Después nosotros hemos embellecido todos los pesebres del mundo, revistiéndolos de coloridos adornos.
“Porque no tenían sitio en la posada”, continúa san Lucas. Martín Descalzo describe el “khan” oriental de ayer y aún de hoy, como un patio cuadrado, rodeado de altos muros. En el centro solía haber una cisterna, en torno a la cual se amontonaban camellos, asnos y ovejas. Los viajeros, acostumbrados a la intemperie en muchas circunstancias, dormían en cobertizos, o bien campo raso.
2.- Es de suponer que José tenía en Belén amigos y parientes. Pero con motivo del censo, las casas de familia y aun los albergues estarían al tope.
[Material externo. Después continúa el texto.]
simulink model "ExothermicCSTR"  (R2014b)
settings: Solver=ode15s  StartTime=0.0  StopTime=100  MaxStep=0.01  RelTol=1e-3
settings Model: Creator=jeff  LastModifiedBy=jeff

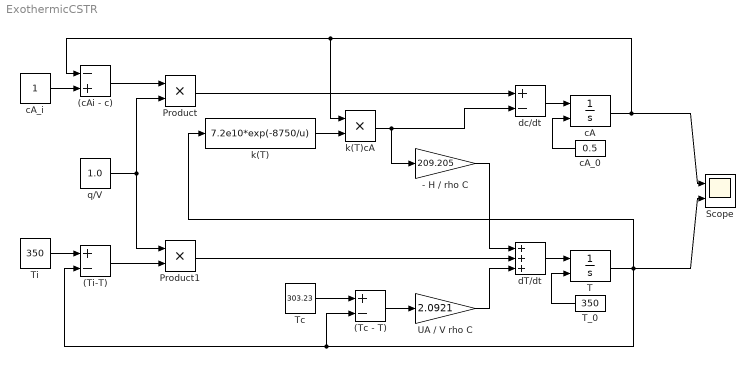
== system ExothermicCSTR ==
  (Tc - T) : Sum  Inputs=+-
  (Ti-T) : Sum  Inputs=+-
  (cAi - c) : Sum  Inputs=-+
  - H / rho C : Gain  Gain=209.205
  Product : Product
  Product1 : Product
  Scope : Scope  NumInputPorts=2
      settings: TimeRange=30  YMin=0~320  YMax=0.9~440
  T : Integrator  InitialConditionSource=external  LimitOutput=on  LowerSaturationLimit=0
  T_0 : Constant  Value=350
  Tc : Constant  Value=303.23
  Ti : Constant  Value=350
  UA / V rho C : Gain  Gain=2.0921
  cA : Integrator  InitialConditionSource=external  LimitOutput=on  LowerSaturationLimit=0
  cA_0 : Constant  Value=0.5
  "cA_i " : Constant
  dT/dt : Sum  Inputs=+++
  dc/dt : Sum  Inputs=+-
  k(T) : Fcn  Expr=7.2e10*exp(-8750/u)
  k(T)cA : Product
  q/V : Constant  Value=1.0
  wires:
  cA/1 -> Scope/1, (cAi - c)/1, k(T)cA/1
  "cA_i "/1 -> (cAi - c)/2
  (cAi - c)/1 -> Product/1
  cA_0/1 -> cA/2
  T_0/1 -> T/2
  T/1 -> k(T)/1, Scope/2, (Ti-T)/2, (Tc - T)/2
  q/V/1 -> Product/2, Product1/1
  (Ti-T)/1 -> Product1/2
  Ti/1 -> (Ti-T)/1
  dc/dt/1 -> cA/1
  Product/1 -> dc/dt/1
  k(T)/1 -> k(T)cA/2
  k(T)cA/1 -> dc/dt/2, - H / rho C/1
  Product1/1 -> dT/dt/2
  dT/dt/1 -> T/1
  - H / rho C/1 -> dT/dt/1
  Tc/1 -> (Tc - T)/1
  UA / V rho C/1 -> dT/dt/3
  (Tc - T)/1 -> UA / V rho C/1

Espacio siempre había en las posadas orientales para uno o más huéspedes. Sitio físico sí, pero María y José buscaban ante todo privacidad y silencio. Entonces allí, sobre un reducido espacio geográfico, se cruzaron el paralelo de nuestra pequeñez y el meridiano de la infinita bondad de Dios. Diversas tradiciones adornaron este episodio, señalando que la pareja nazaretana, mendigaba hospedaje de puerta en puerta y era rechazada con insultos. Que los tomaron por maleantes entre tantos forasteros que atiborraban el poblado. De allí nació la piadosa práctica de “Las Posadas”, donde se ora y se consideran las incomodidades de José y María en aquel trance. Comparando a la vez, la actitud de los habitantes de Belén con nuestras fallas ante el amor de Cristo.